(Data extracted from a collection)
=== Begin Enclosure ===

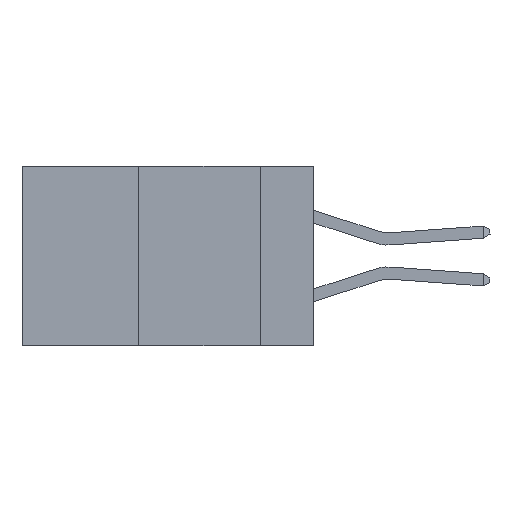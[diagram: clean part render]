
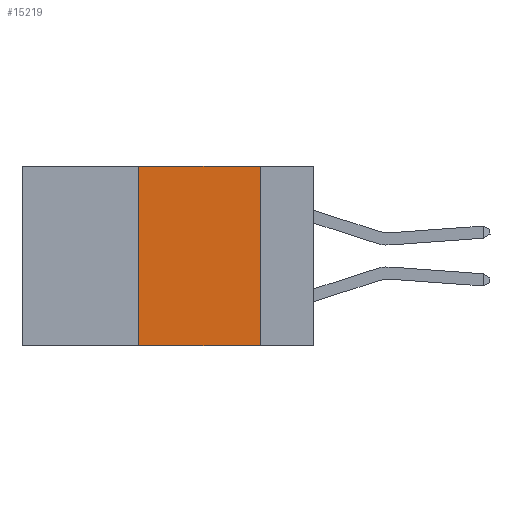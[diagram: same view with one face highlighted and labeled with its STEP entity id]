
A CAD part, left-side view. The second image highlights one B-rep face of the part: STEP entity #15219.
In plain terms, the highlighted planar face has unit normal (-1, 0, 0).
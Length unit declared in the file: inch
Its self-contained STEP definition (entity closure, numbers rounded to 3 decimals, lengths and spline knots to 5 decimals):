
#745 = ORIENTED_EDGE ( 'NONE', *, *, #23618, .T. ) ;
#853 = EDGE_CURVE ( 'NONE', #1700, #19066, #3619, .T. ) ;
#1700 = VERTEX_POINT ( 'NONE', #4443 ) ;
#3159 = CARTESIAN_POINT ( 'NONE',  ( 0., 0.6, 0. ) ) ;
#3619 = LINE ( 'NONE', #6605, #21818 ) ;
#4221 = CARTESIAN_POINT ( 'NONE',  ( 0., 0.36, 0. ) ) ;
#4443 = CARTESIAN_POINT ( 'NONE',  ( 0., 0.36, 0. ) ) ;
#6605 = CARTESIAN_POINT ( 'NONE',  ( 0., 0.6, 0. ) ) ;
#10134 = PLANE ( 'NONE',  #26959 ) ;
#11702 = CARTESIAN_POINT ( 'NONE',  ( 0., 0.11, -0.37 ) ) ;
#12822 = EDGE_LOOP ( 'NONE', ( #13998, #32517, #22273, #745 ) ) ;
#13998 = ORIENTED_EDGE ( 'NONE', *, *, #16173, .F. ) ;
#15219 = ADVANCED_FACE ( 'NONE', ( #25119 ), #10134, .F. ) ;
#15327 = DIRECTION ( 'NONE',  ( 1., 0., 0. ) ) ;
#15806 = LINE ( 'NONE', #4221, #21896 ) ;
#16173 = EDGE_CURVE ( 'NONE', #19066, #26887, #37439, .T. ) ;
#16893 = LINE ( 'NONE', #23062, #24022 ) ;
#19066 = VERTEX_POINT ( 'NONE', #22818 ) ;
#19543 = EDGE_CURVE ( 'NONE', #24431, #1700, #15806, .T. ) ;
#19797 = CARTESIAN_POINT ( 'NONE',  ( 0., 0.11, 0. ) ) ;
#21818 = VECTOR ( 'NONE', #30986, 39.37008 ) ;
#21896 = VECTOR ( 'NONE', #21993, 39.37008 ) ;
#21993 = DIRECTION ( 'NONE',  ( 0., 0., 1. ) ) ;
#22273 = ORIENTED_EDGE ( 'NONE', *, *, #19543, .F. ) ;
#22818 = CARTESIAN_POINT ( 'NONE',  ( 0., 0.11, 0. ) ) ;
#23062 = CARTESIAN_POINT ( 'NONE',  ( 0., 0.6, -0.37 ) ) ;
#23618 = EDGE_CURVE ( 'NONE', #24431, #26887, #16893, .T. ) ;
#24022 = VECTOR ( 'NONE', #29287, 39.37008 ) ;
#24431 = VERTEX_POINT ( 'NONE', #32402 ) ;
#25119 = FACE_OUTER_BOUND ( 'NONE', #12822, .T. ) ;
#25728 = VECTOR ( 'NONE', #35196, 39.37008 ) ;
#26887 = VERTEX_POINT ( 'NONE', #11702 ) ;
#26959 = AXIS2_PLACEMENT_3D ( 'NONE', #3159, #15327, #33727 ) ;
#29287 = DIRECTION ( 'NONE',  ( 0., -1., 0. ) ) ;
#30986 = DIRECTION ( 'NONE',  ( 0., -1., 0. ) ) ;
#32402 = CARTESIAN_POINT ( 'NONE',  ( 0., 0.36, -0.37 ) ) ;
#32517 = ORIENTED_EDGE ( 'NONE', *, *, #853, .F. ) ;
#33727 = DIRECTION ( 'NONE',  ( 0., 0., -1. ) ) ;
#35196 = DIRECTION ( 'NONE',  ( 0., 0., -1. ) ) ;
#37439 = LINE ( 'NONE', #19797, #25728 ) ;

=== End Enclosure ===

◆ Task prompt:
Take the entries above and copy out all lines with the string "VECTOR".

◆ Result of this exercise:
#21818 = VECTOR ( 'NONE', #30986, 39.37008 ) ;
#21896 = VECTOR ( 'NONE', #21993, 39.37008 ) ;
#24022 = VECTOR ( 'NONE', #29287, 39.37008 ) ;
#25728 = VECTOR ( 'NONE', #35196, 39.37008 ) ;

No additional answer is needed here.